From the first line of its output, you can see what that command is really running:

$ $JBOSS_HOME/bin/standalone.sh --server-config=standalone-ha.xml

Any options passed to lein immutant run are forwarded to standalone.sh, so run the following to see what those are:

$ lein immutant run --help

Simulating a Cluster

TL;DR

To run two immutant instances on a single machine, fire up two shells and...

In one shell, run:

$ lein immutant run --clustered -Djboss.node.name=one -Djboss.server.data.dir=/tmp/one

In another shell, run:

$ lein immutant run --clustered -Djboss.node.name=two -Djboss.server.data.dir=/tmp/two -Djboss.socket.binding.port-offset=100

Boom, you're a cluster!

Details

Each cluster node requires a unique name, which is usually derived from the hostname, but since our Immutants are on the same host, we set the jboss.node.name property uniquely.

Each Immutant will attempt to persist its runtime state to the same files. Hijinks will ensue. We prevent said hijinks by setting the jboss.server.data.dir property uniquely.

JBoss listens for various types of connections on a few ports. One obvious solution to the potential conflicts is to bind each Immutant to a different interface, which we could specify using the -b option.

But rather than go through a platform-specific example of creating an IP alias, I'm going to take advantage of another JBoss feature: the jboss.socket.binding.port-offset property will cause each default port number to be incremented by a specified amount.

So for the second Immutant, I set the offset to 100, resulting in its HTTP service, for example, listening on 8180 instead of the default 8080, on which the first Immutant is listening.

Deploy an Application

With any luck at all, you have two Immutants running locally, both hungry for an app to deploy, so let's create one.

We've been over how to deploy an application before, but this time we're gonna keep it real simple: create a new directory and add two files.

First, you'll need a project.clj

(defproject example "1.0.0-SNAPSHOT"
  :dependencies [[org.clojure/clojure "1.3.0"]])

Next, the Immutant application bootstrap file, immutant.clj, into which we'll put all our code for this example.

(ns example.init
  (:require [immutant.messaging :as messaging]
            [immutant.daemons :as daemon])

;; Create a message queue
(messaging/start "/queue/msg")
;; Define a consumer for our queue
(def listener (messaging/listen "/queue/msg" #(println "received:" %)))

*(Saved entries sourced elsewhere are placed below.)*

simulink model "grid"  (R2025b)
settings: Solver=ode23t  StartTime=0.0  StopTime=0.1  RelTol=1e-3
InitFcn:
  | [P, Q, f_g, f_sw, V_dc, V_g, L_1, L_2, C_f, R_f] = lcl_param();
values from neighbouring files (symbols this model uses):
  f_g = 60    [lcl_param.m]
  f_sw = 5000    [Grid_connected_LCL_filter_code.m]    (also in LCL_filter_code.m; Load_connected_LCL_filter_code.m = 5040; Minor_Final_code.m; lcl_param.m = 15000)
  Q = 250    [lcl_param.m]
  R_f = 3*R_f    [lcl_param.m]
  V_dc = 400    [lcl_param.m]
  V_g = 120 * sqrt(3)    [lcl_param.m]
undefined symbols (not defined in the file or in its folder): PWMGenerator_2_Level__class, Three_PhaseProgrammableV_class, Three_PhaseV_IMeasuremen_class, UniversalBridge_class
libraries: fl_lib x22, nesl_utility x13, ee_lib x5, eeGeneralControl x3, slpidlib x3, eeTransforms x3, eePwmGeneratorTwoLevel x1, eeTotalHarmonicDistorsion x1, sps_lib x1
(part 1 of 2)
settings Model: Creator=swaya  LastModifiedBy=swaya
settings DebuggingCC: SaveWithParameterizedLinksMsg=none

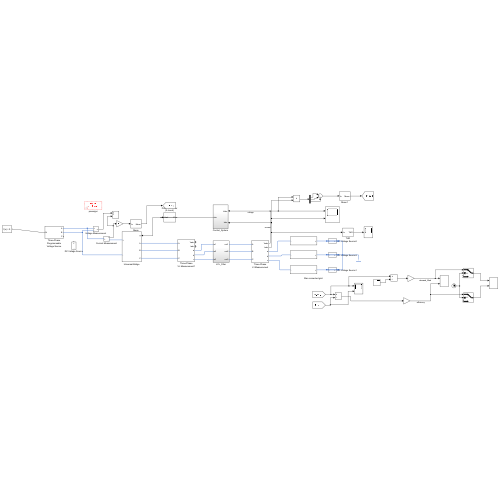
[thumbnail: Simulink's stored preview of the top-level diagram]
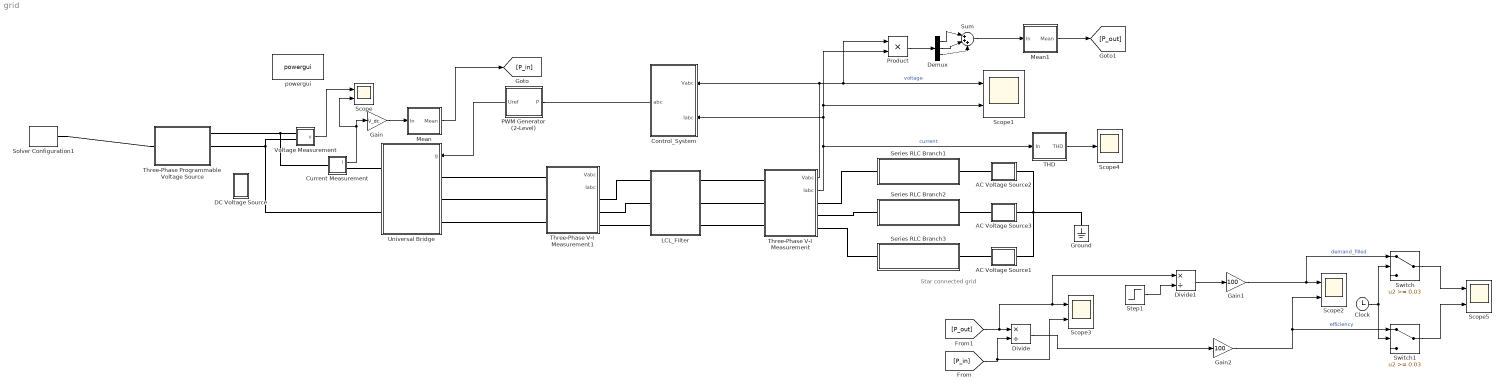
== system grid ==
  note: Star connected grid
  AC Voltage Source1 : Subsystem
      settings: OpenFcn=elec.conv.unmask(gcb);
  AC Voltage Source2 : Subsystem
      settings: OpenFcn=elec.conv.unmask(gcb);
  AC Voltage Source3 : Subsystem
      settings: OpenFcn=elec.conv.unmask(gcb);
  Clock : Clock
  Control_System : Subsystem
  Current Measurement : Subsystem
      settings: OpenFcn=elec.conv.unmask(gcb);
  DC Voltage Source : Subsystem
      settings: OpenFcn=elec.conv.unmask(gcb);
  Demux : Demux  Outputs=3
  Divide : Product  Inputs=*/
  Divide1 : Product  Inputs=*/
  Gain : Gain  Gain=V_dc
  Gain1 : Gain  Gain=100
  Gain2 : Gain  Gain=100
  Ground : fl_lib/Electrical/Electrical Elements/Electrical Reference
  LCL_Filter : Subsystem
  Mean : Subsystem
      settings: OpenFcn=elec.conv.unmask(gcb);
  Mean1 : Subsystem
      settings: OpenFcn=elec.conv.unmask(gcb);
  PWM Generator (2-Level) : Subsystem
      settings: OpenFcn=elec.conv.unmask(gcb);
  Product : Product
  Scope{,1..3,5} (5 alike) : Scope  NumInputPorts=2
      Scope settings: ActiveDisplayYMinimum=387.5  ActiveDisplayYMaximum=512.5
      Scope1 settings: ActiveDisplayYMinimum=-238.93464  ActiveDisplayYMaximum=235.18546  DataLoggingVariableName=ScopeData3
      Scope2 settings: ActiveDisplayYMinimum=-15.53558  ActiveDisplayYMaximum=139.82019  DataLoggingVariableName=ScopeData2
      Scope3 settings: ActiveDisplayYMinimum=-632.55835  ActiveDisplayYMaximum=5693.02515
      Scope5 settings: ActiveDisplayYMinimum=-12.69456  ActiveDisplayYMaximum=114.25108  DataLoggingVariableName=ScopeData4
  Scope4 : Scope
      settings: ActiveDisplayYMinimum=-0.05317  ActiveDisplayYMaximum=0.47849  DataLoggingVariableName=ScopeData3
  Series RLC Branch1 : Subsystem
      settings: OpenFcn=elec.conv.unmask(gcb);
  Series RLC Branch2 : Subsystem
      settings: OpenFcn=elec.conv.unmask(gcb);
  Series RLC Branch3 : Subsystem
      settings: OpenFcn=elec.conv.unmask(gcb);
  Solver Configuration1 : nesl_utility/Solver Configuration  PhysicalDomain=network_engine_domain  SubClassName=solver  LeftPortType=input  RightPortType=generic  Tones=[]  Harmonics=[]  SimulateNoise=off  Profile=off  UseLocalSampling=off  EnableSwitchedLinearOptims=on  FrequencyDomain=off  UseCCode=off  RelTol=0.001  AbsTol=0.001  MinStep=1e-09  ToWorkspace=off  RevertToSquareIcSolve=off  NumHomotopyIterations=100  PhasorMode=off  PhasorModeNumHarmonics=1  ConsistencySolver=NEWTON_XTOL_AFTER_FTOL  IndexReductionMethod=DerivativeReplacement  DoDC=off  ResidualTolerance=1e-09  ConsistencyTolSource=GLOBAL  ConsistencyAbsTol=0.001  ConsistencyRelTol=0.001  ConsistencyTolFactor=0.001  UseLocalSolver=off  LocalSolverChoice=NE_BACKWARD_EULER_ADVANCER  ResolveIndetEquations=on  FunctionEvalNumThread=1  LocalSolverSampleTime=0.001  DoFixedCost=off  MaxNonlinIter=3  MaxModeIter=2  ComputeImpulses=off  ImpulseIterations=2  LinearAlgebra=auto  LinearAlgebraNumThread=0  EquationFormulation=NE_TIME_EF  DelaysMemoryBudget=1024  AutomaticFiltering=on  FilteringTimeConstant=0.001  PartitionStorageMethod=AS_NEEDED  PartitionMemoryBudget=1024  PartitionMethod=ROBUST  MultibodyUseLocalSolver=off  MultibodyLocalSolverChoice=ODE1  MultibodyLocalSolverSampleTime=0.001
  Step1 : Step  Time=0.04  Before=3000  After=5000  SampleTime=0
  Sum : Sum  Inputs=|+++
  Switch : Switch  Threshold=0.03  SaturateOnIntegerOverflow=off  InputSameDT=off
  Switch1 : Switch  Threshold=0.03  SaturateOnIntegerOverflow=off  InputSameDT=off
  THD : Subsystem
      settings: OpenFcn=elec.conv.unmask(gcb);
  Three-Phase Programmable Voltage Source : Subsystem
      settings: OpenFcn=elec.conv.unmask(gcb);
  Three-Phase V-I Measurement : Subsystem
      settings: OpenFcn=elec.conv.unmask(gcb);
  Three-Phase V-I Measurement1 : Subsystem
      settings: OpenFcn=elec.conv.unmask(gcb);
  Universal Bridge : Subsystem
      settings: OpenFcn=elec.conv.unmask(gcb);
  Voltage Measurement : Subsystem
      settings: OpenFcn=elec.conv.unmask(gcb);
  powergui : sps_lib/powergui  Priority=1  SimulationMode=Discrete  SampleTime=50e-8  frequency=60  Iterations=50  frequencyindice=0  Pbase=100e6  ErrMax=1e-4  UnitsV=kV  UnitsW=MW  buscounter=0  FunctionMessages=off  echomessages=off  EnableUseOfTLC=off  CurrentSourceSwitches=off  DisableSnubberDevices=off  DisableRonSwitches=off  DisableVfSwitches=off  DisplayEquations=off  AutomaticDiscreteSolvers=off  SolverType=Tustin/Backward Euler (TBE)  Interpol=off  ExternalGateDelay=off  methode=off  Ts=100  x0status=blocks  SPID=on  SwTol=0  HookPort=off  NonlinearTolerance=1e-4  nMaxIteration=100  ContinueOnMaxIteration=off  RestoreLinks=warning  ResistiveCurrentMeasurement=off  Frange=[0:2:500]  Ylog=off  Xlog=on  ShowGrid=off  save=off  variable=ZData  structure=0  ZoomFFT=off  StartTime=0.0  cycles=1  DisplayStyle=1  fundamental=60  FreqAxis=off  MaxFrequency=1000  frequencyindicesteady=1  RmsSteady=1  display=off
  wires:
  PWM Generator (2-Level)/1(P) -> Universal Bridge/1(g)
  Three-Phase V-I Measurement/1(Vabc) -> Product/1, Scope1/1, Control_System/1(Vabc)  "voltage"
  Three-Phase V-I Measurement/2(Iabc) -> THD/1(In), Product/2, Scope1/2, Control_System/2(Iabc)  "current"
  Control_System/1(abc) -> PWM Generator (2-Level)/1(Uref)
  Product/1 -> Demux/1
  Demux/1 -> Sum/1
  Demux/2 -> Sum/2
  Demux/3 -> Sum/3
  Current Measurement/1(i) -> Scope/2, Gain/1
  THD/1(THD) -> Scope4/1
  Gain/1 -> Mean/1(In)
  [P_out] -> Divide1/1, Scope3/1, Divide/1
  [P_in] -> Scope3/2, Divide/2
  Divide1/1 -> Gain1/1
  Gain1/1 -> Switch/1, Scope2/1  "demand_filled"
  Mean/1(Mean) -> [P_in]
  Divide/1 -> Gain2/1
  Gain2/1 -> Switch1/1, Scope2/2  "efficiency"
  Sum/1 -> Mean1/1(In)
  Mean1/1(Mean) -> [P_out]
  Clock/1 -> Switch/2, Switch1/2
  Switch/1 -> Scope5/1
  Switch1/1 -> Scope5/2
  Step1/1 -> Divide1/2
  Voltage Measurement/1(v) -> Scope/1
  connections:
  LCL_Filter/RConn1 -- Three-Phase V-I Measurement/LConn1
  LCL_Filter/RConn2 -- Three-Phase V-I Measurement/LConn2
  LCL_Filter/RConn3 -- Three-Phase V-I Measurement/LConn3
  Three-Phase V-I Measurement1/LConn1 -- Universal Bridge/LConn1
  Three-Phase V-I Measurement1/LConn2 -- Universal Bridge/LConn2
  Three-Phase V-I Measurement1/LConn3 -- Universal Bridge/LConn3
  Three-Phase V-I Measurement1/RConn1 -- LCL_Filter/LConn1
  Three-Phase V-I Measurement1/RConn2 -- LCL_Filter/LConn2
  Three-Phase V-I Measurement1/RConn3 -- LCL_Filter/LConn3
  Series RLC Branch2/LConn1 -- AC Voltage Source3/RConn1
  AC Voltage Source2/RConn1 -- Series RLC Branch1/LConn1
  Series RLC Branch3/LConn1 -- AC Voltage Source1/RConn1
  AC Voltage Source2/LConn1 -- Ground/LConn1 -- AC Voltage Source1/LConn1 -- AC Voltage Source3/LConn1
  Three-Phase V-I Measurement/RConn1 -- Series RLC Branch1/RConn1
  Three-Phase V-I Measurement/RConn2 -- Series RLC Branch2/RConn1
  Three-Phase V-I Measurement/RConn3 -- Series RLC Branch3/RConn1
  Current Measurement/RConn1 -- Universal Bridge/RConn1
  Three-Phase Programmable Voltage Source/RConn1 -- Current Measurement/LConn1 -- Voltage Measurement/LConn1
  Three-Phase Programmable Voltage Source/RConn2 -- Voltage Measurement/LConn2 -- Universal Bridge/RConn2
  Solver Configuration1/RConn1 -- Three-Phase Programmable Voltage Source/LConn1

== system grid/AC Voltage Source1 ==
  AC Voltage Source : fl_lib/Electrical/Electrical Sources/AC Voltage Source  amp=V_g*sqrt(2/3) V  shift=120 deg  frequency=f_g Hz
  - : PMIOPort  Side=Left
  + : PMIOPort  Port=2  Side=Right
  connections:
  AC Voltage Source/LConn1 -- +/RConn1
  -/RConn1 -- AC Voltage Source/RConn1

== system grid/AC Voltage Source2 ==
  AC Voltage Source : fl_lib/Electrical/Electrical Sources/AC Voltage Source  amp=V_g*sqrt(2/3) V  shift=0 deg  frequency=f_g Hz
  - : PMIOPort  Side=Left
  + : PMIOPort  Port=2  Side=Right
  connections:
  AC Voltage Source/LConn1 -- +/RConn1
  -/RConn1 -- AC Voltage Source/RConn1

== system grid/AC Voltage Source3 ==
  AC Voltage Source : fl_lib/Electrical/Electrical Sources/AC Voltage Source  amp=V_g*sqrt(2/3) V  shift=-120 deg  frequency=f_g Hz
  - : PMIOPort  Side=Left
  + : PMIOPort  Port=2  Side=Right
  connections:
  AC Voltage Source/LConn1 -- +/RConn1
  -/RConn1 -- AC Voltage Source/RConn1

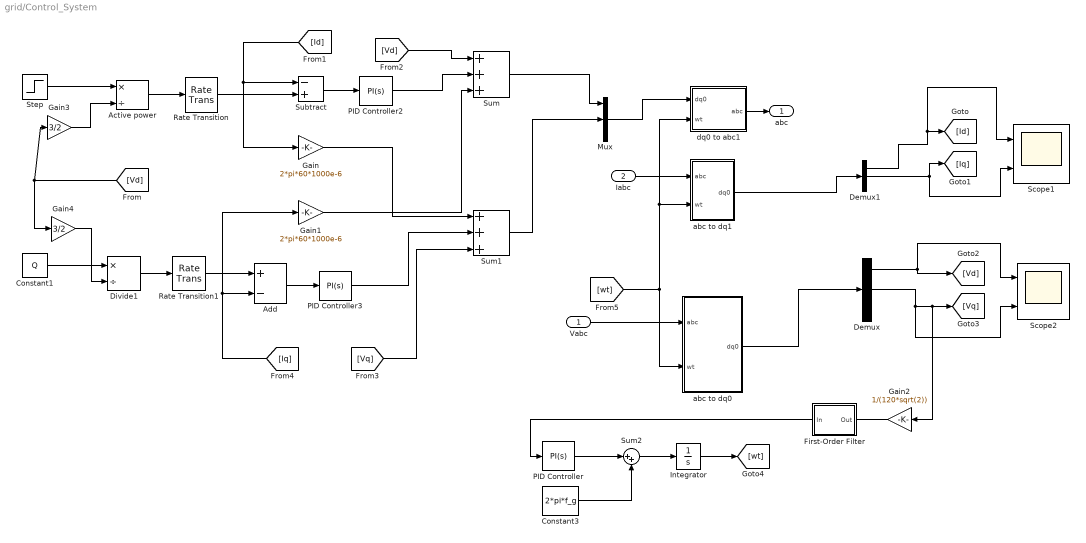
== system grid/Control_System ==
  Vabc : Inport
  Iabc : Inport  Port=2
  Active power : Product  Inputs=*/
  Add : Sum  Inputs=+-
  Constant1 : Constant  Value=Q
  Constant3 : Constant  Value=2*pi*f_g
  Demux : Demux  Outputs=3
  Demux1 : Demux  Outputs=3
  Divide1 : Product  Inputs=*/
  First-Order Filter : Subsystem
      settings: OpenFcn=elec.conv.unmask(gcb);
  Gain : Gain  Gain=2*pi*60*1000e-6
  Gain1 : Gain  Gain=2*pi*60*1000e-6
  Gain2 : Gain  Gain=1/(120*sqrt(2))
  Gain3 : Gain  Gain=3/2
  Gain4 : Gain  Gain=3/2
  Integrator : Integrator
  Mux : Mux  Inputs=3
  PID Controller : slpidlib/PID Controller  Controller=PI  Form=Parallel  TimeDomain=Continuous-time  UseExternalTs=off  SampleTime=-1  IntegratorMethod=Forward Euler  FilterMethod=Forward Euler  ControllerParametersSource=internal  P=-0.26  I=-5.8  UseKiTs=off  D=10  UseExternalDerivativeSource=off  N=100  UseFilter=on  TunerSelectOption=Transfer Function Based (PID Tuner App)  InitialConditionSource=internal  InitialConditionForIntegrator=0  InitialConditionForFilter=0  DifferentiatorICPrevScaledInput=0  ExternalReset=none  TrackingMode=off  Kt=1  LimitOutput=on  SatLimitsSource=internal  UpperSaturationLimit=inf  LowerSaturationLimit=-inf  LinearizeAsGain=on  AntiWindupMode=back-calculation  Kb=1  LimitIntegrator=off  UpperIntegratorSaturationLimit=100  LowerIntegratorSaturationLimit=-inf  POutMin=[]  POutMax=[]  IOutMin=[]  IOutMax=[]  DOutMin=[]  DOutMax=[]  NOutMin=[]  NOutMax=[]  SumOutMin=[]  SumOutMax=[]  SaturationOutMin=[]  SaturationOutMax=[]  PParamMin=[]  PParamMax=[]  IParamMin=[]  IParamMax=[]  DParamMin=[]  DParamMax=[]  NParamMin=[]  NParamMax=[]  KbParamMin=[]  KbParamMax=[]  KtParamMin=[]  KtParamMax=[]  KbOutMin=[]  KbOutMax=[]  KtOutMin=[]  KtOutMax=[]  IntegratorOutMin=[]  IntegratorOutMax=[]  FilterOutMin=[]  FilterOutMax=[]  SumI1OutMin=[]  SumI1OutMax=[]  SumI2OutMin=[]  SumI2OutMax=[]  SumI3OutMin=[]  SumI3OutMax=[]  SumI4OutMin=[]  SumI4OutMax=[]  SumDOutMin=[]  SumDOutMax=[]  DifferentiatorOutMin=[]  DifferentiatorOutMax=[]  FilterDiffOutCoefMin=[]  FilterDiffOutCoefMax=[]  ReciprocalOutMin=[]  ReciprocalOutMax=[]  SumDenOutMin=[]  SumDenOutMax=[]  SumNumOutMin=[]  SumNumOutMax=[]  DivideOutMin=[]  DivideOutMax=[]  UdiffTsProdOutMin=[]  UdiffTsProdOutMax=[]  NTsProdOutMin=[]  NTsProdOutMax=[]  UintegralTsProdOutMin=[]  UintegralTsProdOutMax=[]  UngainTsProdOutMin=[]  UngainTsProdOutMax=[]  ClampingZeroOutDataTypeStr=Inherit: Inherit via back propagation  ClampingZeroOutMin=[]  ClampingZeroOutMax=[]  FilterDenConstantOutDataTypeStr=Inherit: Inherit via back propagation  FilterDenConstantOutMin=[]  FilterDenConstantOutMax=[]  PCopyOutDataTypeStr=Inherit: Inherit via back propagation  PCopyOutMin=[]  PCopyOutMax=[]  NCopyOutDataTypeStr=Inherit: Inherit via back propagation  NCopyOutMin=[]  NCopyOutMax=[]  IntegratorContinuousStateAttributes=''  IntegratorStateMustResolveToSignalObject=off  IntegratorRTWStateStorageClass=Auto  FilterContinuousStateAttributes=''  FilterStateMustResolveToSignalObject=off  FilterRTWStateStorageClass=Auto  ParallelPVariant=InternalParameters  IdealPVariant=Disabled  IVariant=InternalParameters  DVariant=Disabled  IntegratorVariant=Continuous  SatVariant=Enabled  AWVariant=BackCalculation  PCopyVariant=Disabled  TRVariant=Disabled  FdbkBlocksVariant=Forward  IdealPFdbkVariant=Disabled  SatFdbkVariant=Disabled  DerivativeFilterVariant=Disabled  NVariant=Disabled  NCopyVariant=Disabled_SignalSpec  FilterICVariant=Disabled  IntegratorICVariant=InternalICs  ExternalResetVariant=Disabled  TRSumVariant=Passthrough  SumFdbkVariant=Disabled  SumVariant=Sum_PI  TsampFilterVariant=InternalTs  TsampNgainVariant=Passthrough  TsampIntegralVariant=Disabled_SignalSpec  ExternalSaturationOutDataTypeStr=Inherit: Same as second input  DerivativeSourceVariant=Disabled  PreIntVariant=InternalPreInt
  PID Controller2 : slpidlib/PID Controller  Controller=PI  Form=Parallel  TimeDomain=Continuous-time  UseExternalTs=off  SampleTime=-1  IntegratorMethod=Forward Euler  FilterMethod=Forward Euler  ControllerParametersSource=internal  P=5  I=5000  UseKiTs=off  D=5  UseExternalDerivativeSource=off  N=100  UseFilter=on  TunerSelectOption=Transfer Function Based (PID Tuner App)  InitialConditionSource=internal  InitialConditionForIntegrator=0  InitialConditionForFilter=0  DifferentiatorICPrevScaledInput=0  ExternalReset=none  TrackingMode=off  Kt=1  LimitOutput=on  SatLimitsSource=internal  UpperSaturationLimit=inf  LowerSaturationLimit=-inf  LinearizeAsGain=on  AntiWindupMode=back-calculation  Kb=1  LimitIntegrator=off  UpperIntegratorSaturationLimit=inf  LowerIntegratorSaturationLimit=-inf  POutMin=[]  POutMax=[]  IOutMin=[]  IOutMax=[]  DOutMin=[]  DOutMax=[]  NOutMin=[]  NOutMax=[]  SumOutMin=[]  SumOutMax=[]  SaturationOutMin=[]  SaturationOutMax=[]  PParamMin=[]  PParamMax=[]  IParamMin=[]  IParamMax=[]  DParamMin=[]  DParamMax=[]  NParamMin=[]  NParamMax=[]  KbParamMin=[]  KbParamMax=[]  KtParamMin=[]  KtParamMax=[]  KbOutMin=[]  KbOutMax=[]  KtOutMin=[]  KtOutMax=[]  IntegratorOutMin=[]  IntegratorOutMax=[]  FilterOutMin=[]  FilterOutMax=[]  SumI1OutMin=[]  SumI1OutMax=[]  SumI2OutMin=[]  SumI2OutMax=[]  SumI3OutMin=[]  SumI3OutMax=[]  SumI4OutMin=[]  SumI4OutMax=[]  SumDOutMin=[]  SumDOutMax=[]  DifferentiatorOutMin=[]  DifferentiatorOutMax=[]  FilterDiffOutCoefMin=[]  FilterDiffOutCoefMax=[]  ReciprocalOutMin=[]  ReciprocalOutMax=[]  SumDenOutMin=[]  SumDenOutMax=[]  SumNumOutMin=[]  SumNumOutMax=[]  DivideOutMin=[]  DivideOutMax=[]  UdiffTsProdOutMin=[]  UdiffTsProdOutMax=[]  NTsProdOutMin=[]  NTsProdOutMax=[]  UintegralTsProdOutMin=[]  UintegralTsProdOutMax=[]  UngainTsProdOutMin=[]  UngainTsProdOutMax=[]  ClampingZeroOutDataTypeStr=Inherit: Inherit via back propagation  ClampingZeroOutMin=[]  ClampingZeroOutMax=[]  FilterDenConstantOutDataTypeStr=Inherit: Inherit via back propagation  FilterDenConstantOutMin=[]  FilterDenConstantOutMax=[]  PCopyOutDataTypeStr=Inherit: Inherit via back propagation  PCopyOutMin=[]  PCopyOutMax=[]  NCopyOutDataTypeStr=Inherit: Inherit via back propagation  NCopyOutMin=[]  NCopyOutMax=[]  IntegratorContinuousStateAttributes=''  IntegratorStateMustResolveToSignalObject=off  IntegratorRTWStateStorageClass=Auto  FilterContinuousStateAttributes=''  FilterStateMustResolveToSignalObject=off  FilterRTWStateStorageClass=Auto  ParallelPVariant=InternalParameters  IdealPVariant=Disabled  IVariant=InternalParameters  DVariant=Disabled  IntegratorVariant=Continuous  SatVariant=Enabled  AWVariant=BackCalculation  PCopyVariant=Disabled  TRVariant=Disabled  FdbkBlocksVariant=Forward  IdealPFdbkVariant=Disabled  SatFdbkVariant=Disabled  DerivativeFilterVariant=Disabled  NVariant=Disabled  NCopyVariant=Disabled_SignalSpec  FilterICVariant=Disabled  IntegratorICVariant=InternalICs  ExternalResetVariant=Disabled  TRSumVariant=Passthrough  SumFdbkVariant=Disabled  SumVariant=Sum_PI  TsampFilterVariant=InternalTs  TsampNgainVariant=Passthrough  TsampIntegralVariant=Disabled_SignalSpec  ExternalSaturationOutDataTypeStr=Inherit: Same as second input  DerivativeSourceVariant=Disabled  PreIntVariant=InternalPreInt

;; Controls the state of our daemon
(def done (atom false))

;; Our daemon's start function
(defn start []
  (reset! done false)
  (loop [i 0]
    (Thread/sleep 1000)
    (when-not @done
      (println "sending:" i)
      (messaging/publish "/queue/msg" i)
      (recur (inc i)))))

;; Our daemon's stop function
(defn stop []
  (reset! done true))

;; Register the daemon
(daemon/start "counter" start stop :singleton true)

We've defined a message queue, a message listener, and a daemon service that, once started, publishes messages to the queue every second.

Daemons require a name (for referencing as a JMX MBean), a start function to be invoked asynchronously, and a stop function that will be automatically invoked when your app is undeployed, allowing you to cleanly teardown any resources used by your service. Optionally, you can declare the service to be a singleton. This means it will only be started on one node in your cluster, and should that node crash, it will be automatically started on another node, essentially giving you a robust, highly-available service.

In the same directory that contains your files, run this:

$ lein immutant deploy

Because both Immutants are monitoring the same deployment directory, this should trigger both to deploy the app.

Now watch the output of the shells in which your Immutants are running. You should see the daemon start up on only one of them, but both should be receiving messages. This is the automatic load balancing of message consumers.

Now kill the Immutant running the daemon. Watch the other one to see that the daemon will start there within seconds. There's your automatic failover. Restart the killed Immutant to see him start to receive messages again. It's fun, right? :)

Whew!

So that's probably enough to show for now. Give it a try, and let us know if it worked for you the very first time. If it doesn't, please reach out to us in the usual ways and we'll be happy to get you going. Above all, have fun!